Langkah ini mencakup peningkatan frekuensi layanan hingga 50% dibandingkan hari biasa untuk memastikan kelancaran perjalanan pemudik yang kembali ke ibu kota.
Selain penambahan armada, Transjakarta juga memperpanjang jam operasional pada rute tertentu hingga pukul 23.59 WIB serta tetap menghadirkan layanan 24 jam pada koridor utama. Kebijakan ini khusus diterapkan untuk mengantisipasi puncak arus balik yang diprediksi terjadi pada akhir Maret.
Baca Juga
Pada periode 13-29 Maret 2026, operasional Transjakarta menitikberatkan pada konektivitas first-last mile atau penghubung antar moda transportasi. Fokus penguatan dilakukan pada titik-titik strategis seperti Stasiun Gambir, Pasar Senen, Manggarai, Tanah Abang, hingga Terminal Pulo Gebang.
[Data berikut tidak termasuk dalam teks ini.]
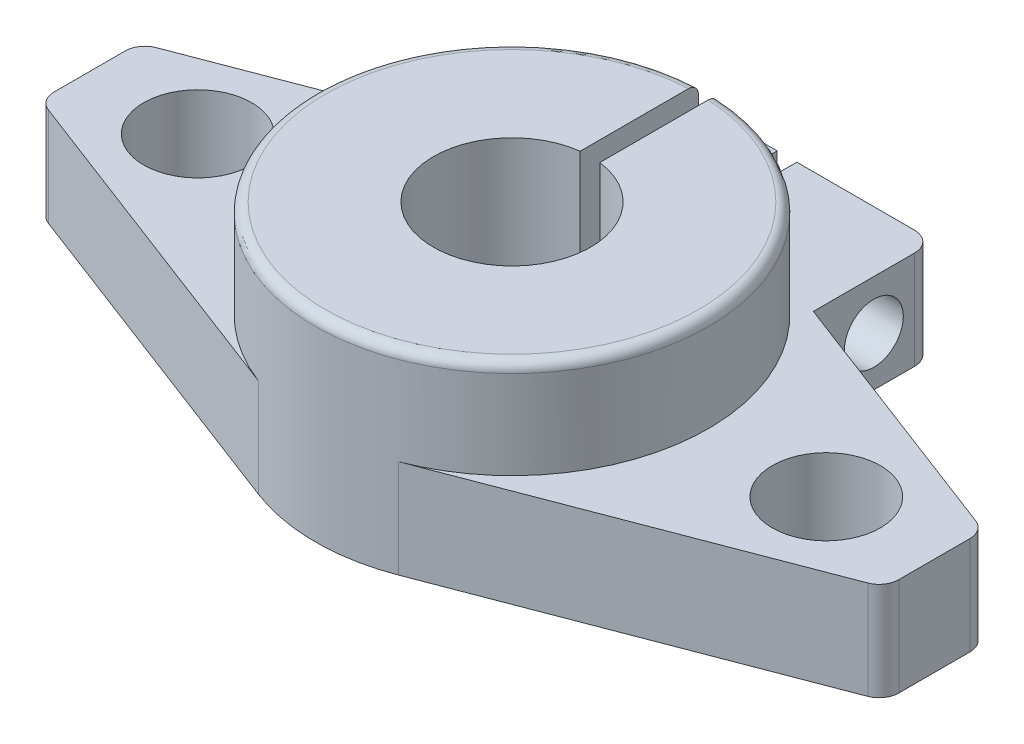
ISO-10303-21;
HEADER;
FILE_DESCRIPTION(('STEP AP214'),'2;1');
FILE_NAME('part.step','',(''),(''),'','','');
FILE_SCHEMA(('AUTOMOTIVE_DESIGN { 1 0 10303 214 1 1 1 1 }'));
ENDSEC;
DATA;
#1=APPLICATION_CONTEXT('core data for automotive mechanical design processes');
#2=APPLICATION_PROTOCOL_DEFINITION('international standard','automotive_design',2000,#1);
#3=PRODUCT_CONTEXT('',#1,'mechanical');
#4=PRODUCT('Part','Part','',(#3));
#5=PRODUCT_RELATED_PRODUCT_CATEGORY('part','',(#4));
#6=PRODUCT_DEFINITION_FORMATION('','',#4);
#7=PRODUCT_DEFINITION_CONTEXT('part definition',#1,'design');
#8=PRODUCT_DEFINITION('design','',#6,#7);
#9=PRODUCT_DEFINITION_SHAPE('','',#8);
#10=(LENGTH_UNIT() NAMED_UNIT(*) SI_UNIT(.MILLI.,.METRE.));
#11=(NAMED_UNIT(*) PLANE_ANGLE_UNIT() SI_UNIT($,.RADIAN.));
#12=(NAMED_UNIT(*) SI_UNIT($,.STERADIAN.) SOLID_ANGLE_UNIT());
#13=UNCERTAINTY_MEASURE_WITH_UNIT(LENGTH_MEASURE(1.E-05),#10,'distance_accuracy_value','');
#14=(GEOMETRIC_REPRESENTATION_CONTEXT(3) GLOBAL_UNCERTAINTY_ASSIGNED_CONTEXT((#13)) GLOBAL_UNIT_ASSIGNED_CONTEXT((#10,
#11,#12)) REPRESENTATION_CONTEXT('',''));
#15=CARTESIAN_POINT('',(0.,0.,0.));
#16=DIRECTION('',(0.,0.,1.));
#17=DIRECTION('',(1.,0.,0.));
#18=AXIS2_PLACEMENT_3D('',#15,#16,#17);
#19=CARTESIAN_POINT('',(0.,5.,0.));
#20=DIRECTION('',(0.,1.,0.));
#21=DIRECTION('',(0.,0.,1.));
#22=AXIS2_PLACEMENT_3D('',#19,#20,#21);
#23=PLANE('',#22);
#24=DIRECTION('',(-1.,0.,0.));
#25=VECTOR('',#24,1.);
#26=CARTESIAN_POINT('',(-0.5,5.,-14.));
#27=LINE('',#26,#25);
#28=CARTESIAN_POINT('',(-0.5,5.,-14.));
#29=VERTEX_POINT('',#28);
#30=CARTESIAN_POINT('',(-6.5,5.,-14.));
#31=VERTEX_POINT('',#30);
#32=EDGE_CURVE('E388',#29,#31,#27,.T.);
#33=ORIENTED_EDGE('',*,*,#32,.T.);
#34=CARTESIAN_POINT('',(-6.5,5.,-13.));
#35=DIRECTION('',(0.,1.,0.));
#36=DIRECTION('',(0.,0.,1.));
#37=AXIS2_PLACEMENT_3D('',#34,#35,#36);
#38=CIRCLE('',#37,1.);
#39=CARTESIAN_POINT('',(-7.5,5.,-13.));
#40=VERTEX_POINT('',#39);
#41=EDGE_CURVE('E11',#31,#40,#38,.T.);
#42=ORIENTED_EDGE('',*,*,#41,.T.);
#43=DIRECTION('',(0.,0.,1.));
#44=VECTOR('',#43,1.);
#45=CARTESIAN_POINT('',(-7.5,5.,-14.));
#46=LINE('',#45,#44);
#47=CARTESIAN_POINT('',(-7.5,5.,-7.84158601756617));
#48=VERTEX_POINT('',#47);
#49=EDGE_CURVE('E396',#40,#48,#46,.T.);
#50=ORIENTED_EDGE('',*,*,#49,.T.);
#51=DIRECTION('',(-0.93430439090657,0.,0.356476233615515));
#52=VECTOR('',#51,1.);
#53=CARTESIAN_POINT('',(-21.5,5.,-2.5));
#54=LINE('',#53,#52);
#55=CARTESIAN_POINT('',(-20.8564762336155,5.,-2.74553125374935));
#56=VERTEX_POINT('',#55);
#57=EDGE_CURVE('E398',#48,#56,#54,.T.);
#58=ORIENTED_EDGE('',*,*,#57,.T.);
#59=CARTESIAN_POINT('',(-20.5,5.,-1.81122686284278));
#60=DIRECTION('',(0.,1.,0.));
#61=DIRECTION('',(0.,0.,1.));
#62=AXIS2_PLACEMENT_3D('',#59,#60,#61);
#63=CIRCLE('',#62,1.);
#64=CARTESIAN_POINT('',(-21.5,5.,-1.81122686284278));
#65=VERTEX_POINT('',#64);
#66=EDGE_CURVE('E480',#56,#65,#63,.T.);
#67=ORIENTED_EDGE('',*,*,#66,.T.);
#68=DIRECTION('',(0.,0.,1.));
#69=VECTOR('',#68,1.);
#70=CARTESIAN_POINT('',(-21.5,5.,-2.5));
#71=LINE('',#70,#69);
#72=CARTESIAN_POINT('',(-21.5,5.,1.81122686284278));
#73=VERTEX_POINT('',#72);
#74=EDGE_CURVE('E349',#65,#73,#71,.T.);
#75=ORIENTED_EDGE('',*,*,#74,.T.);
#76=CARTESIAN_POINT('',(-20.5,5.,1.81122686284278));
#77=DIRECTION('',(0.,1.,0.));
#78=DIRECTION('',(0.,0.,1.));
#79=AXIS2_PLACEMENT_3D('',#76,#77,#78);
#80=CIRCLE('',#79,1.);
#81=CARTESIAN_POINT('',(-20.8564762336155,5.,2.74553125374935));
#82=VERTEX_POINT('',#81);
#83=EDGE_CURVE('E344',#73,#82,#80,.T.);
#84=ORIENTED_EDGE('',*,*,#83,.T.);
#85=DIRECTION('',(0.93430439090657,0.,0.356476233615515));
#86=VECTOR('',#85,1.);
#87=CARTESIAN_POINT('',(-21.5,5.,2.5));
#88=LINE('',#87,#86);
#89=CARTESIAN_POINT('',(-3.56476233615515,5.,9.3430439090657));
#90=VERTEX_POINT('',#89);
#91=EDGE_CURVE('E345',#82,#90,#88,.T.);
#92=ORIENTED_EDGE('',*,*,#91,.T.);
#93=CARTESIAN_POINT('',(0.,5.,0.));
#94=DIRECTION('',(0.,1.,0.));
#95=DIRECTION('',(0.,0.,1.));
#96=AXIS2_PLACEMENT_3D('',#93,#94,#95);
#97=CIRCLE('',#96,10.);
#98=CARTESIAN_POINT('',(-0.5,5.,-9.9874921777191));
#99=VERTEX_POINT('',#98);
#100=EDGE_CURVE('E217',#99,#90,#97,.T.);
#101=ORIENTED_EDGE('',*,*,#100,.F.);
#102=DIRECTION('',(0.,0.,-1.));
#103=VECTOR('',#102,1.);
#104=CARTESIAN_POINT('',(-0.5,5.,-9.98749217771909));
#105=LINE('',#104,#103);
#106=EDGE_CURVE('E386',#99,#29,#105,.T.);
#107=ORIENTED_EDGE('',*,*,#106,.T.);
#108=EDGE_LOOP('',(#33,#42,#50,#58,#67,#75,#84,#92,#101,#107));
#109=FACE_BOUND('',#108,.T.);
#110=CARTESIAN_POINT('',(-16.,5.,0.));
#111=DIRECTION('',(0.,1.,0.));
#112=DIRECTION('',(0.,0.,1.));
#113=AXIS2_PLACEMENT_3D('',#110,#111,#112);
#114=CIRCLE('',#113,2.75);
#115=CARTESIAN_POINT('',(-16.,5.,2.75));
#116=VERTEX_POINT('',#115);
#117=EDGE_CURVE('E416',#116,#116,#114,.T.);
#118=ORIENTED_EDGE('',*,*,#117,.F.);
#119=EDGE_LOOP('',(#118));
#120=FACE_BOUND('',#119,.T.);
#121=ADVANCED_FACE('F36',(#109,#120),#23,.T.);
#122=DIRECTION('',(0.,0.,-1.));
#123=VECTOR('',#122,1.);
#124=CARTESIAN_POINT('',(7.5,5.,-14.));
#125=LINE('',#124,#123);
#126=CARTESIAN_POINT('',(7.5,5.,-7.84158601756617));
#127=VERTEX_POINT('',#126);
#128=CARTESIAN_POINT('',(7.5,5.,-13.));
#129=VERTEX_POINT('',#128);
#130=EDGE_CURVE('E408',#127,#129,#125,.T.);
#131=ORIENTED_EDGE('',*,*,#130,.T.);
#132=CARTESIAN_POINT('',(6.5,5.,-13.));
#133=DIRECTION('',(0.,1.,0.));
#134=DIRECTION('',(0.,0.,1.));
#135=AXIS2_PLACEMENT_3D('',#132,#133,#134);
#136=CIRCLE('',#135,1.);
#137=CARTESIAN_POINT('',(6.5,5.,-14.));
#138=VERTEX_POINT('',#137);
#139=EDGE_CURVE('E498',#129,#138,#136,.T.);
#140=ORIENTED_EDGE('',*,*,#139,.T.);
#141=DIRECTION('',(-1.,0.,0.));
#142=VECTOR('',#141,1.);
#143=CARTESIAN_POINT('',(0.5,5.,-14.));
#144=LINE('',#143,#142);
#145=CARTESIAN_POINT('',(0.5,5.,-14.));
#146=VERTEX_POINT('',#145);
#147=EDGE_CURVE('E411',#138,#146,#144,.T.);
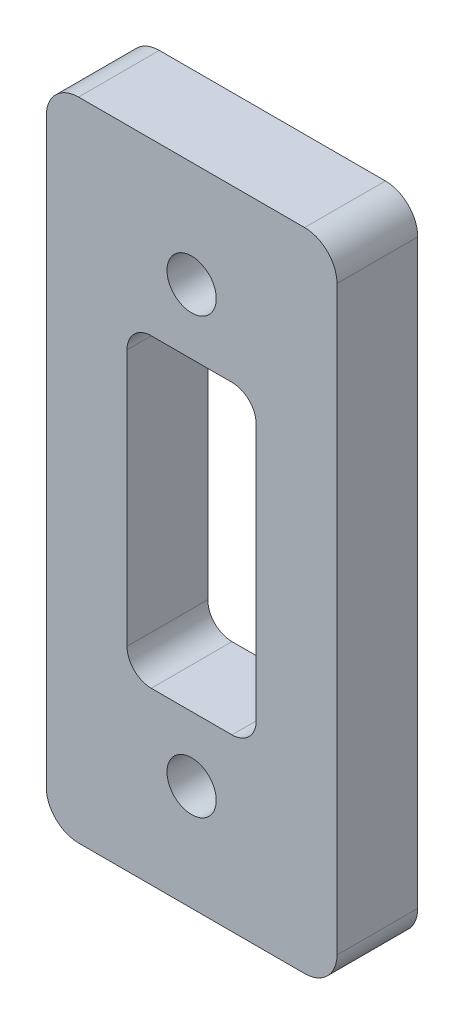
ISO-10303-21;
HEADER;
FILE_DESCRIPTION(('STEP AP214'),'2;1');
FILE_NAME('part.step','',(''),(''),'','','');
FILE_SCHEMA(('AUTOMOTIVE_DESIGN { 1 0 10303 214 1 1 1 1 }'));
ENDSEC;
DATA;
#1=APPLICATION_CONTEXT('core data for automotive mechanical design processes');
#2=APPLICATION_PROTOCOL_DEFINITION('international standard','automotive_design',2000,#1);
#3=PRODUCT_CONTEXT('',#1,'mechanical');
#4=PRODUCT('Part','Part','',(#3));
#5=PRODUCT_RELATED_PRODUCT_CATEGORY('part','',(#4));
#6=PRODUCT_DEFINITION_FORMATION('','',#4);
#7=PRODUCT_DEFINITION_CONTEXT('part definition',#1,'design');
#8=PRODUCT_DEFINITION('design','',#6,#7);
#9=PRODUCT_DEFINITION_SHAPE('','',#8);
#10=(LENGTH_UNIT() NAMED_UNIT(*) SI_UNIT(.MILLI.,.METRE.));
#11=(NAMED_UNIT(*) PLANE_ANGLE_UNIT() SI_UNIT($,.RADIAN.));
#12=(NAMED_UNIT(*) SI_UNIT($,.STERADIAN.) SOLID_ANGLE_UNIT());
#13=UNCERTAINTY_MEASURE_WITH_UNIT(LENGTH_MEASURE(1.E-05),#10,'distance_accuracy_value','');
#14=(GEOMETRIC_REPRESENTATION_CONTEXT(3) GLOBAL_UNCERTAINTY_ASSIGNED_CONTEXT((#13)) GLOBAL_UNIT_ASSIGNED_CONTEXT((#10,
#11,#12)) REPRESENTATION_CONTEXT('',''));
#15=CARTESIAN_POINT('',(0.,0.,0.));
#16=DIRECTION('',(0.,0.,1.));
#17=DIRECTION('',(1.,0.,0.));
#18=AXIS2_PLACEMENT_3D('',#15,#16,#17);
#19=CARTESIAN_POINT('',(0.,0.,5.));
#20=DIRECTION('',(0.,0.,-1.));
#21=DIRECTION('',(-1.,0.,0.));
#22=AXIS2_PLACEMENT_3D('',#19,#20,#21);
#23=PLANE('',#22);
#24=DIRECTION('',(-1.,0.,0.));
#25=VECTOR('',#24,1.);
#26=CARTESIAN_POINT('',(-4.,9.44999999999999,5.));
#27=LINE('',#26,#25);
#28=CARTESIAN_POINT('',(2.5,9.44999999999999,5.));
#29=VERTEX_POINT('',#28);
#30=CARTESIAN_POINT('',(-2.5,9.44999999999999,5.));
#31=VERTEX_POINT('',#30);
#32=EDGE_CURVE('E263',#29,#31,#27,.T.);
#33=ORIENTED_EDGE('',*,*,#32,.F.);
#34=CARTESIAN_POINT('',(2.5,7.94999999999999,5.));
#35=DIRECTION('',(0.,0.,-1.));
#36=DIRECTION('',(-1.,0.,0.));
#37=AXIS2_PLACEMENT_3D('',#34,#35,#36);
#38=CIRCLE('',#37,1.5);
#39=CARTESIAN_POINT('',(4.,7.94999999999999,5.));
#40=VERTEX_POINT('',#39);
#41=EDGE_CURVE('E241',#29,#40,#38,.T.);
#42=ORIENTED_EDGE('',*,*,#41,.T.);
#43=DIRECTION('',(0.,1.,0.));
#44=VECTOR('',#43,1.);
#45=CARTESIAN_POINT('',(4.,-9.45,5.));
#46=LINE('',#45,#44);
#47=CARTESIAN_POINT('',(4.,-7.94999999999999,5.));
#48=VERTEX_POINT('',#47);
#49=EDGE_CURVE('E278',#48,#40,#46,.T.);
#50=ORIENTED_EDGE('',*,*,#49,.F.);
#51=CARTESIAN_POINT('',(2.5,-7.94999999999999,5.));
#52=DIRECTION('',(0.,0.,-1.));
#53=DIRECTION('',(-1.,0.,0.));
#54=AXIS2_PLACEMENT_3D('',#51,#52,#53);
#55=CIRCLE('',#54,1.5);
#56=CARTESIAN_POINT('',(2.5,-9.45,5.));
#57=VERTEX_POINT('',#56);
#58=EDGE_CURVE('E245',#48,#57,#55,.T.);
#59=ORIENTED_EDGE('',*,*,#58,.T.);
#60=DIRECTION('',(1.,0.,0.));
#61=VECTOR('',#60,1.);
#62=CARTESIAN_POINT('',(-4.,-9.45,5.));
#63=LINE('',#62,#61);
#64=CARTESIAN_POINT('',(-2.5,-9.45,5.));
#65=VERTEX_POINT('',#64);
#66=EDGE_CURVE('E255',#65,#57,#63,.T.);
#67=ORIENTED_EDGE('',*,*,#66,.F.);
#68=CARTESIAN_POINT('',(-2.5,-7.94999999999999,5.));
#69=DIRECTION('',(0.,0.,-1.));
#70=DIRECTION('',(-1.,0.,0.));
#71=AXIS2_PLACEMENT_3D('',#68,#69,#70);
#72=CIRCLE('',#71,1.5);
#73=CARTESIAN_POINT('',(-4.,-7.94999999999999,5.));
#74=VERTEX_POINT('',#73);
#75=EDGE_CURVE('E43',#65,#74,#72,.T.);
#76=ORIENTED_EDGE('',*,*,#75,.T.);
#77=DIRECTION('',(0.,-1.,0.));
#78=VECTOR('',#77,1.);
#79=CARTESIAN_POINT('',(-4.,-9.45,5.));
#80=LINE('',#79,#78);
#81=CARTESIAN_POINT('',(-4.,7.94999999999999,5.));
#82=VERTEX_POINT('',#81);
#83=EDGE_CURVE('E254',#82,#74,#80,.T.);
#84=ORIENTED_EDGE('',*,*,#83,.F.);
#85=CARTESIAN_POINT('',(-2.5,7.94999999999999,5.));
#86=DIRECTION('',(0.,0.,-1.));
#87=DIRECTION('',(-1.,0.,0.));
#88=AXIS2_PLACEMENT_3D('',#85,#86,#87);
#89=CIRCLE('',#88,1.5);
#90=EDGE_CURVE('E237',#82,#31,#89,.T.);
#91=ORIENTED_EDGE('',*,*,#90,.T.);
#92=EDGE_LOOP('',(#33,#42,#50,#59,#67,#76,#84,#91));
#93=FACE_BOUND('',#92,.T.);
#94=DIRECTION('',(1.,0.,0.));
#95=VECTOR('',#94,1.);
#96=CARTESIAN_POINT('',(-9.,-20.,5.));
#97=LINE('',#96,#95);
#98=CARTESIAN_POINT('',(-7.,-20.,5.));
#99=VERTEX_POINT('',#98);
#100=CARTESIAN_POINT('',(7.,-20.,5.));
#101=VERTEX_POINT('',#100);
#102=EDGE_CURVE('E185',#99,#101,#97,.T.);
#103=ORIENTED_EDGE('',*,*,#102,.T.);
#104=CARTESIAN_POINT('',(7.,-18.,5.));
#105=DIRECTION('',(0.,0.,-1.));
#106=DIRECTION('',(-1.,0.,0.));
#107=AXIS2_PLACEMENT_3D('',#104,#105,#106);
#108=CIRCLE('',#107,2.);
#109=CARTESIAN_POINT('',(9.,-18.,5.));
#110=VERTEX_POINT('',#109);
#111=EDGE_CURVE('E206',#101,#110,#108,.F.);
#112=ORIENTED_EDGE('',*,*,#111,.T.);
#113=DIRECTION('',(0.,1.,0.));
#114=VECTOR('',#113,1.);
#115=CARTESIAN_POINT('',(9.,-20.,5.));
#116=LINE('',#115,#114);
#117=CARTESIAN_POINT('',(9.,18.,5.));
#118=VERTEX_POINT('',#117);
#119=EDGE_CURVE('E168',#110,#118,#116,.T.);
#120=ORIENTED_EDGE('',*,*,#119,.T.);
#121=CARTESIAN_POINT('',(7.,18.,5.));
#122=DIRECTION('',(0.,0.,-1.));
#123=DIRECTION('',(-1.,0.,0.));
#124=AXIS2_PLACEMENT_3D('',#121,#122,#123);
#125=CIRCLE('',#124,2.);
#126=CARTESIAN_POINT('',(7.,20.,5.));
#127=VERTEX_POINT('',#126);
#128=EDGE_CURVE('E200',#118,#127,#125,.F.);
#129=ORIENTED_EDGE('',*,*,#128,.T.);
#130=DIRECTION('',(-1.,0.,0.));
#131=VECTOR('',#130,1.);
#132=CARTESIAN_POINT('',(-9.,20.,5.));
#133=LINE('',#132,#131);
#134=CARTESIAN_POINT('',(-7.,20.,5.));
#135=VERTEX_POINT('',#134);
#136=EDGE_CURVE('E290',#127,#135,#133,.T.);
#137=ORIENTED_EDGE('',*,*,#136,.T.);
#138=CARTESIAN_POINT('',(-7.,18.,5.));
#139=DIRECTION('',(0.,0.,-1.));
#140=DIRECTION('',(-1.,0.,0.));
#141=AXIS2_PLACEMENT_3D('',#138,#139,#140);
#142=CIRCLE('',#141,2.);
#143=CARTESIAN_POINT('',(-9.,18.,5.));
#144=VERTEX_POINT('',#143);
#145=EDGE_CURVE('E202',#135,#144,#142,.F.);
#146=ORIENTED_EDGE('',*,*,#145,.T.);
#147=DIRECTION('',(0.,-1.,0.));
#148=VECTOR('',#147,1.);
#149=CARTESIAN_POINT('',(-9.,-20.,5.));
#150=LINE('',#149,#148);
#151=CARTESIAN_POINT('',(-9.,-18.,5.));
#152=VERTEX_POINT('',#151);
#153=EDGE_CURVE('E292',#144,#152,#150,.T.);
#154=ORIENTED_EDGE('',*,*,#153,.T.);
#155=CARTESIAN_POINT('',(-7.,-18.,5.));
#156=DIRECTION('',(0.,0.,-1.));
#157=DIRECTION('',(-1.,0.,0.));
#158=AXIS2_PLACEMENT_3D('',#155,#156,#157);
#159=CIRCLE('',#158,2.);
#160=EDGE_CURVE('E204',#152,#99,#159,.F.);
#161=ORIENTED_EDGE('',*,*,#160,.T.);
#162=EDGE_LOOP('',(#103,#112,#120,#129,#137,#146,#154,#161));
#163=FACE_BOUND('',#162,.T.);
#164=CARTESIAN_POINT('',(0.,13.45,5.));
#165=DIRECTION('',(0.,0.,1.));
#166=DIRECTION('',(1.,0.,0.));
#167=AXIS2_PLACEMENT_3D('',#164,#165,#166);
#168=CIRCLE('',#167,1.525);
#169=CARTESIAN_POINT('',(1.525,13.45,5.));
#170=VERTEX_POINT('',#169);
#171=EDGE_CURVE('E176',#170,#170,#168,.T.);
#172=ORIENTED_EDGE('',*,*,#171,.F.);
#173=EDGE_LOOP('',(#172));
#174=FACE_BOUND('',#173,.T.);
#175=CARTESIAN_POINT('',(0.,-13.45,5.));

"Pada periode arus balik, pola pergerakan pelanggan berbeda dengan hari biasa. Karena itu, kami memperkuat layanan pada rute-rute yang terhubung langsung dengan stasiun dan terminal hingga 50 persen," ujar Kepala Departemen Humas dan CSR Transjakarta, Ayu Wardhani, dalam keterangan resminya, Selasa (24/3/2026).
Baca Juga
Transjakarta Hanya Rp 1 di Libur Lebaran 2026, Intip Koridor Terpadatnya
Beberapa rute BRT yang diperkuat antara lain:
* Koridor 2A: Pulo Gadung - Rawa Buaya via Balaikota.
* Koridor 4D: Pulo Gadung - Kuningan.
* Koridor 7F: Kampung Rambutan - Juanda via Cempaka Putih.
Selain itu, layanan Angkutan Umum Integrasi (AUI) seperti rute Tanah Abang-Blok M, Senen-Tanah Abang, dan Manggarai-Blok M juga mendapatkan penyesuaian pola operasi mengikuti jadwal kedatangan penumpang kereta api dan bus AKAP.
Sebagai respons terhadap puncak arus balik, Transjakarta secara khusus menambah 11 unit armada di Terminal Pulo Gebang pada tanggal 25-27 Maret 2026.
Percepatan waktu tunggu (headway) juga dilakukan untuk menghindari penumpukan penumpang di area kedatangan utama.
Manajemen mengimbau pelanggan untuk terus memantau informasi terkini melalui media sosial resmi atau aplikasi TJ Transjakarta guna mengatur rencana perjalanan dengan lebih nyaman.